» ASSIGNMENT:
With the line containing "line L3 (-4.9022, 1.524)" as the start and the line containing "line L2 (1.524, 2.54) -> (1.143, 2.8448)" as the end, transcribe that span of the entries below exactly, including both.

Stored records
Start of Block

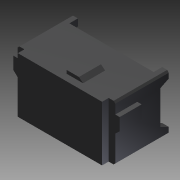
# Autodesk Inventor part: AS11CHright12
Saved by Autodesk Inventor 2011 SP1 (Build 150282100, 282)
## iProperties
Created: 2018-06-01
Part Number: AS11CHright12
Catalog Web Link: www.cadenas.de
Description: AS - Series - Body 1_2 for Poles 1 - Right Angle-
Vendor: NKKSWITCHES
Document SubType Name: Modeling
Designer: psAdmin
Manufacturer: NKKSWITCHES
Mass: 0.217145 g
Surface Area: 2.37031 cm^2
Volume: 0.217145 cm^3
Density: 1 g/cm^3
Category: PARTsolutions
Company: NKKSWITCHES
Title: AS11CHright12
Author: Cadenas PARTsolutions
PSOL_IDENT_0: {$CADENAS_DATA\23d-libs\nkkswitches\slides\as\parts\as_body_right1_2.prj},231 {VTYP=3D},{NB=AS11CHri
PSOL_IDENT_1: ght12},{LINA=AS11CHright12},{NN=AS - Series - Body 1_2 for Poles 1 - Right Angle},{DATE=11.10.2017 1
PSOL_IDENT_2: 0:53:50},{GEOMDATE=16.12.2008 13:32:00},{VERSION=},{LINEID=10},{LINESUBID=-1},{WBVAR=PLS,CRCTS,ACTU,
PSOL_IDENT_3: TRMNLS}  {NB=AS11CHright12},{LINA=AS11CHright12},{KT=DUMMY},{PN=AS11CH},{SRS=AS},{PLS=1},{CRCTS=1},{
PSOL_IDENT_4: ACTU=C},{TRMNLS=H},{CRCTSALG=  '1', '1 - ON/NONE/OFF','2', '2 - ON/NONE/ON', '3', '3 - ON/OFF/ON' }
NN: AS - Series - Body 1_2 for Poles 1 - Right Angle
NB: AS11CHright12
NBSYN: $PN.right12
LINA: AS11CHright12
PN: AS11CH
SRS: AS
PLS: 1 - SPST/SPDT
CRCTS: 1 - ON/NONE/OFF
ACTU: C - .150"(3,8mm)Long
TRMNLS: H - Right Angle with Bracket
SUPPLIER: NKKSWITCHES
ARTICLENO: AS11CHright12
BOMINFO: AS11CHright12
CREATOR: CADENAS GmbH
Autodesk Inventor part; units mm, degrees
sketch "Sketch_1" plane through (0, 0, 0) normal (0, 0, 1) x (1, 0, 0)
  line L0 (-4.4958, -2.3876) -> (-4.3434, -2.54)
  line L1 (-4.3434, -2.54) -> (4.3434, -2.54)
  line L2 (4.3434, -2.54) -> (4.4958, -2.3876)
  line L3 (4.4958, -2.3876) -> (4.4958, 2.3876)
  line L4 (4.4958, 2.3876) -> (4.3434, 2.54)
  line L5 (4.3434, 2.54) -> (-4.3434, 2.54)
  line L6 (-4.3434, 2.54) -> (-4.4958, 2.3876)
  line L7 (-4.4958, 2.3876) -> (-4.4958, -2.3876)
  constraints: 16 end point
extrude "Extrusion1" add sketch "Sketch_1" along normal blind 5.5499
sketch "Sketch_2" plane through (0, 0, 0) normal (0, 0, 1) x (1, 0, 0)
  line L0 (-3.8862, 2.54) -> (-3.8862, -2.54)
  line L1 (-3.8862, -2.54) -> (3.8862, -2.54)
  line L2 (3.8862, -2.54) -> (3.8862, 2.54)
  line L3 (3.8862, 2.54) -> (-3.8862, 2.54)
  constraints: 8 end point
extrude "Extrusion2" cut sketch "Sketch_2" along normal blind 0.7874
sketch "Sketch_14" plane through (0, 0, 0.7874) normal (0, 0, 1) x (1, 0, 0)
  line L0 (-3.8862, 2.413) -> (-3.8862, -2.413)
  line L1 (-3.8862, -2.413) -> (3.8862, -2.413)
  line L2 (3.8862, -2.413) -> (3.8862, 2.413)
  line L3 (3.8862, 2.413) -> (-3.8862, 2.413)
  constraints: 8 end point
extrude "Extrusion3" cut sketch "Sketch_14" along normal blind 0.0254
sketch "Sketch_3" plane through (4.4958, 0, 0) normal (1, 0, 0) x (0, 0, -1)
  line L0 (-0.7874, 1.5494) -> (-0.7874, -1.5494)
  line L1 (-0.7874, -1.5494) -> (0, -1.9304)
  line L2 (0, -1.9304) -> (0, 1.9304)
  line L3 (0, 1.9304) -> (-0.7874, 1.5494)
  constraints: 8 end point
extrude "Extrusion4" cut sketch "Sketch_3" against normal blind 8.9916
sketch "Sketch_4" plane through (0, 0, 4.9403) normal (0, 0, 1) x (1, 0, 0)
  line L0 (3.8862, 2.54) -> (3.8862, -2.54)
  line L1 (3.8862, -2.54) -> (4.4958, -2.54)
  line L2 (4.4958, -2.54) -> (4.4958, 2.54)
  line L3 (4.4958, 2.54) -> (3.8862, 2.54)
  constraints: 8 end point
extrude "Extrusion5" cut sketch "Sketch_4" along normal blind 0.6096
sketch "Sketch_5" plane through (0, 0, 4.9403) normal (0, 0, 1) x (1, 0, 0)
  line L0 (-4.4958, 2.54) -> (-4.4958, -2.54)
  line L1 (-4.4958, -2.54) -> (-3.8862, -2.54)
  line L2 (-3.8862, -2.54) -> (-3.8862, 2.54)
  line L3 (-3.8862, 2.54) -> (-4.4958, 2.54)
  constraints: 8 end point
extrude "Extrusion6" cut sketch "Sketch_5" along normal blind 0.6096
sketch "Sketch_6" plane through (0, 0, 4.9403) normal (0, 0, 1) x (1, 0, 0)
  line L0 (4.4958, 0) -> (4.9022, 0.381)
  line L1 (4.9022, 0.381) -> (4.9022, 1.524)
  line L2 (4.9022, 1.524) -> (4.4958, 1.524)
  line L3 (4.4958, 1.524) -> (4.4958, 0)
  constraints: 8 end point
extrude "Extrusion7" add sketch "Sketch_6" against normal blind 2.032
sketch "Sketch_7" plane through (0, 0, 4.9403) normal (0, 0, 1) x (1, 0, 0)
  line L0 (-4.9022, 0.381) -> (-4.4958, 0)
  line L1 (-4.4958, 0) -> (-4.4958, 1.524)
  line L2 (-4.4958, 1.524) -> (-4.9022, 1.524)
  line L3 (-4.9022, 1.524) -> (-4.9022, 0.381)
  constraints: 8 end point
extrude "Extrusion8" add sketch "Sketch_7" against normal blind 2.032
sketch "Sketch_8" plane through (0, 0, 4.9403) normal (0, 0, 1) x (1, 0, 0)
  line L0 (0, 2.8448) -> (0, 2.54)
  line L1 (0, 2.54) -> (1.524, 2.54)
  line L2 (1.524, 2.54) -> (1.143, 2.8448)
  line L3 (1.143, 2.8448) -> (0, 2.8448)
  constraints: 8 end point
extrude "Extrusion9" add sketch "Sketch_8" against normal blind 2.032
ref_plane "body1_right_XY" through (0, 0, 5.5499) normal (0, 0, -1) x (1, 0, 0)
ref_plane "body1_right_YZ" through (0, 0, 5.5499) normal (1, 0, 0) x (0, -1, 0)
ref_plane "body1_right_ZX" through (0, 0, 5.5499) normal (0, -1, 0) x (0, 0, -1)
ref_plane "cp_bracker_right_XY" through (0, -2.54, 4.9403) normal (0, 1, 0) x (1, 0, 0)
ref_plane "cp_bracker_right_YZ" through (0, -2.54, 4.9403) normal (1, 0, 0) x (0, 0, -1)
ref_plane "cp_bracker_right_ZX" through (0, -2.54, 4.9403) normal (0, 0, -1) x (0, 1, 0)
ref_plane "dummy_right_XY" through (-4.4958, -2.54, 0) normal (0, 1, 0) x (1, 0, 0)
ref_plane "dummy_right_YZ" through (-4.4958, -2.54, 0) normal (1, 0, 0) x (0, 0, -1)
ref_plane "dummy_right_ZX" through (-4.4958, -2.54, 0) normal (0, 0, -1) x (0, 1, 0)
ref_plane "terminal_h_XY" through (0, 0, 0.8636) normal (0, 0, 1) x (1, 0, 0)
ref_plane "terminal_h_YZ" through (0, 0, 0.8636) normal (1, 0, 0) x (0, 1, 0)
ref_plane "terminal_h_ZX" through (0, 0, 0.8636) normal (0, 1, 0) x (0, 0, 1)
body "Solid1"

End of Block

» SOLUTION TO THIS PROBLEM:
  line L3 (-4.9022, 1.524) -> (-4.9022, 0.381)
  constraints: 8 end point
extrude "Extrusion8" add sketch "Sketch_7" against normal blind 2.032
sketch "Sketch_8" plane through (0, 0, 4.9403) normal (0, 0, 1) x (1, 0, 0)
  line L0 (0, 2.8448) -> (0, 2.54)
  line L1 (0, 2.54) -> (1.524, 2.54)
  line L2 (1.524, 2.54) -> (1.143, 2.8448)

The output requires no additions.